## [DATASET CONTENT]
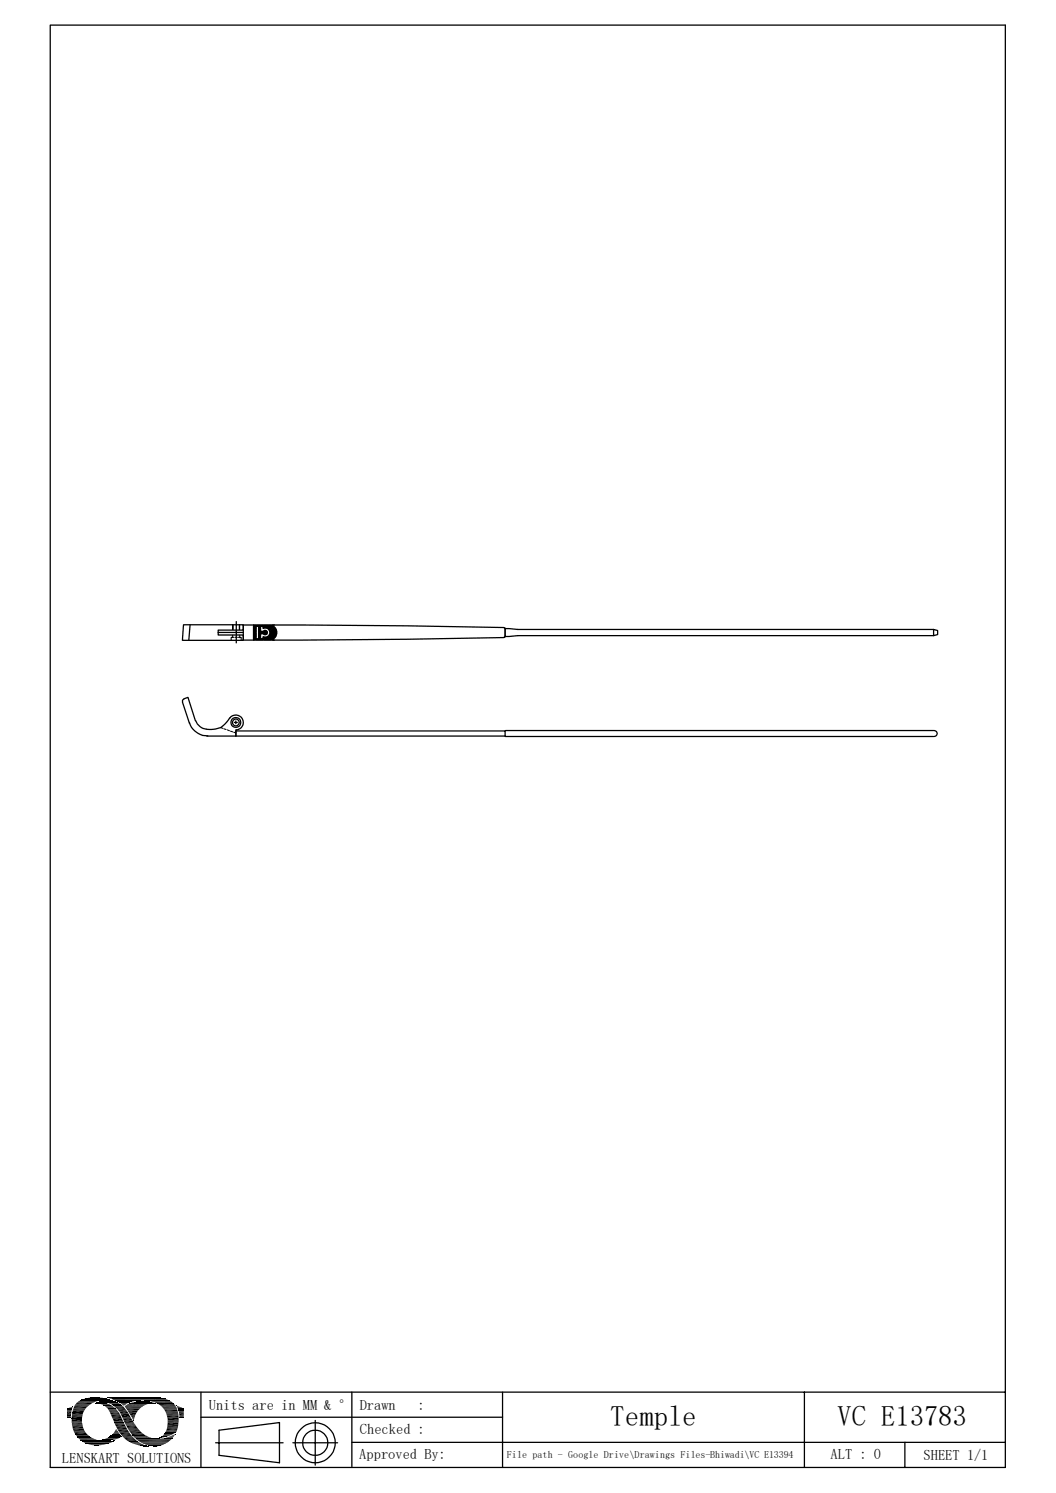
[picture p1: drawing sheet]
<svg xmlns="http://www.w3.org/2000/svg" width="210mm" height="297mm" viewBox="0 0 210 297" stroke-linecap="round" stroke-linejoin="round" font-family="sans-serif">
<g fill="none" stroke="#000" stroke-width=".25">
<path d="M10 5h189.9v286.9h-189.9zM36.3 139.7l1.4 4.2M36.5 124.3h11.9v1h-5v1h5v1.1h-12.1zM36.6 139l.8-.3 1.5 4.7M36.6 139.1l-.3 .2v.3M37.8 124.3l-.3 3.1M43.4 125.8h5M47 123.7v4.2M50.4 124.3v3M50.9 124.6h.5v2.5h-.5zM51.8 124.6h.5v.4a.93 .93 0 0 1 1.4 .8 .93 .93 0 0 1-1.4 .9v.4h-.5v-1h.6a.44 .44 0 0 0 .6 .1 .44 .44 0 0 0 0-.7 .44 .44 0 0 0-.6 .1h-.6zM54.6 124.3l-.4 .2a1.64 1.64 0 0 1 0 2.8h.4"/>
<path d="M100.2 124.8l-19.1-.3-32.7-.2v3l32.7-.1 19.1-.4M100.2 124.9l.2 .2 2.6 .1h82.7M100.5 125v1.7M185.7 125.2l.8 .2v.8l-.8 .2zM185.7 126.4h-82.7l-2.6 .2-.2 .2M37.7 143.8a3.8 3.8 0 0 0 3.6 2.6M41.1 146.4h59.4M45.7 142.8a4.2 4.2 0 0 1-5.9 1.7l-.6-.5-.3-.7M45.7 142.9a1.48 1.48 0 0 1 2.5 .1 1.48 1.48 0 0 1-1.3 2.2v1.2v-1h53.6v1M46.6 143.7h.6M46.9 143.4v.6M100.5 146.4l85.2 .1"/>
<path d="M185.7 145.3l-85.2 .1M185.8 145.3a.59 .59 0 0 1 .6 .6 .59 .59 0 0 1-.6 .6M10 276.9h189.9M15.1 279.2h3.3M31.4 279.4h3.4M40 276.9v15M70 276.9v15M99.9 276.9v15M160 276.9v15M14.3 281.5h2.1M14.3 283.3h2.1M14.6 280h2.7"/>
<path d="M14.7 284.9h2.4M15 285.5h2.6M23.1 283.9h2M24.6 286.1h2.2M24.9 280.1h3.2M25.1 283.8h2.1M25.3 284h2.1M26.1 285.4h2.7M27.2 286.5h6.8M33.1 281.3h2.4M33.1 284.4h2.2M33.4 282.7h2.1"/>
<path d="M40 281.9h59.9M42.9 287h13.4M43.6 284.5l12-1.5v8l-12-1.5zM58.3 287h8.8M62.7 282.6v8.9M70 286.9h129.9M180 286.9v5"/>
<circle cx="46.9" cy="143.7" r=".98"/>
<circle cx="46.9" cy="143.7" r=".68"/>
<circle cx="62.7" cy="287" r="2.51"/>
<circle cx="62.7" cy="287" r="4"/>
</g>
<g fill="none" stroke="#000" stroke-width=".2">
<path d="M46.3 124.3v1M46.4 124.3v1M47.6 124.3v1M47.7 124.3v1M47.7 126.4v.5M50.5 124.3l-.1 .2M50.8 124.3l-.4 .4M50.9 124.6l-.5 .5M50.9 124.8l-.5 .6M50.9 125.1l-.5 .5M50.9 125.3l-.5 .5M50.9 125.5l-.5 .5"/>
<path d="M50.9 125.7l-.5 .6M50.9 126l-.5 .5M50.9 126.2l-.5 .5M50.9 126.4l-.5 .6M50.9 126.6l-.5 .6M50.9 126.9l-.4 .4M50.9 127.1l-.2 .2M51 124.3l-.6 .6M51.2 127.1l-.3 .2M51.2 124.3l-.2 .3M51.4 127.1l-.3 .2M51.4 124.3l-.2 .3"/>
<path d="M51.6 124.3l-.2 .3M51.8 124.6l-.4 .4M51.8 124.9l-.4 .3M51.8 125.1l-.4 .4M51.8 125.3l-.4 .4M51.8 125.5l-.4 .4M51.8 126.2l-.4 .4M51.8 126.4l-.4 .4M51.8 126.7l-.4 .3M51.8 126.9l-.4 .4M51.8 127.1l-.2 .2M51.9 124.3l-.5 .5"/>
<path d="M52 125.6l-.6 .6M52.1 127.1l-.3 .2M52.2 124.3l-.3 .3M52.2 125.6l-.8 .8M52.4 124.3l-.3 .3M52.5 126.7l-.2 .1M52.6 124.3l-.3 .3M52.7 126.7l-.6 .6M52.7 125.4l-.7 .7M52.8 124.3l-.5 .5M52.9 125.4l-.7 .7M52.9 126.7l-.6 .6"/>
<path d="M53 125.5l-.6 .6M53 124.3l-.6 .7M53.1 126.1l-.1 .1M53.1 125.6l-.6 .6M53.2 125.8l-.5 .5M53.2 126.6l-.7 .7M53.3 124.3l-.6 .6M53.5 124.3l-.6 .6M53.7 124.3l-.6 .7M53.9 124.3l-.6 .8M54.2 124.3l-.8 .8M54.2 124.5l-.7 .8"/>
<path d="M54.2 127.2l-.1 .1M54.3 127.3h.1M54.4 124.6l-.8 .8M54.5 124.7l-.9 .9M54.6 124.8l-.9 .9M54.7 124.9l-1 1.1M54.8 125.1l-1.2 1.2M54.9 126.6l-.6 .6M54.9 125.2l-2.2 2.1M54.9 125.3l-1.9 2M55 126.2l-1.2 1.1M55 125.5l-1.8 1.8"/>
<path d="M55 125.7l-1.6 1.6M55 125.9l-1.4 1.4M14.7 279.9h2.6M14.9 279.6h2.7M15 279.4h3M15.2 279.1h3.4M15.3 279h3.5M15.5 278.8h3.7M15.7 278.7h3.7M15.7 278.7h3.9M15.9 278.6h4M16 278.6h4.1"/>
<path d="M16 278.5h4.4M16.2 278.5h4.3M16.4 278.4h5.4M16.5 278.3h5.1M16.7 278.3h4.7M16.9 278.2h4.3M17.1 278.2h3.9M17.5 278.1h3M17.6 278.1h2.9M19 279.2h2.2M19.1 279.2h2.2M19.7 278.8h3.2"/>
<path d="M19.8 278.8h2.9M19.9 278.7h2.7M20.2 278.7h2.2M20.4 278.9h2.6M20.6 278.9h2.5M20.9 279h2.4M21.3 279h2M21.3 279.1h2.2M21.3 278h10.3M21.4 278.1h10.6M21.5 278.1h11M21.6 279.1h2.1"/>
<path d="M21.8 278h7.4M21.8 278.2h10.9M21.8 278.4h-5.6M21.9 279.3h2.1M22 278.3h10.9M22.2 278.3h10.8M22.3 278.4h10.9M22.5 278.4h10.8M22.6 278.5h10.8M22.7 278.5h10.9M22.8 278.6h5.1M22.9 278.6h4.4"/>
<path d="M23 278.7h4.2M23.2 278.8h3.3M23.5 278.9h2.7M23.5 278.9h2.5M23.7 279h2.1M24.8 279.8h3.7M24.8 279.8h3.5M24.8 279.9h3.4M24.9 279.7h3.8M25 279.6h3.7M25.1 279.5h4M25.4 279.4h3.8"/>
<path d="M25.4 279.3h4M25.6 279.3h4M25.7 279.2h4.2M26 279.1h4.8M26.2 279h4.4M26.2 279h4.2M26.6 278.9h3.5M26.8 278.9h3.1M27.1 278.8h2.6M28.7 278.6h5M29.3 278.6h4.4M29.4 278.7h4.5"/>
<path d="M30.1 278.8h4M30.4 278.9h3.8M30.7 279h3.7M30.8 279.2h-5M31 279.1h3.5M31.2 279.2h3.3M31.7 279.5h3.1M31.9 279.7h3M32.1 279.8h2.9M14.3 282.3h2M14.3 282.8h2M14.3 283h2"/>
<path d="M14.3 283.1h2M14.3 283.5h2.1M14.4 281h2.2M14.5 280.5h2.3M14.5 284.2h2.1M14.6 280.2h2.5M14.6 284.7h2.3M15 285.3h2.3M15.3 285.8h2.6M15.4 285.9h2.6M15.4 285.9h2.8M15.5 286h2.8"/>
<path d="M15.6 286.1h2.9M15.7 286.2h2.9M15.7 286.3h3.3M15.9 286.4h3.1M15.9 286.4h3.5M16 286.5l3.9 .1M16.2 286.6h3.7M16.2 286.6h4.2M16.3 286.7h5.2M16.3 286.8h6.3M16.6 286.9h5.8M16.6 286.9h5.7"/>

## [REQUIRED WORK]
Check each line of the entries above for the word "circle". List the ones that have it.

## [EXERCISE OUTPUT]
<circle cx="46.9" cy="143.7" r=".98"/>
<circle cx="46.9" cy="143.7" r=".68"/>
<circle cx="62.7" cy="287" r="2.51"/>
<circle cx="62.7" cy="287" r="4"/>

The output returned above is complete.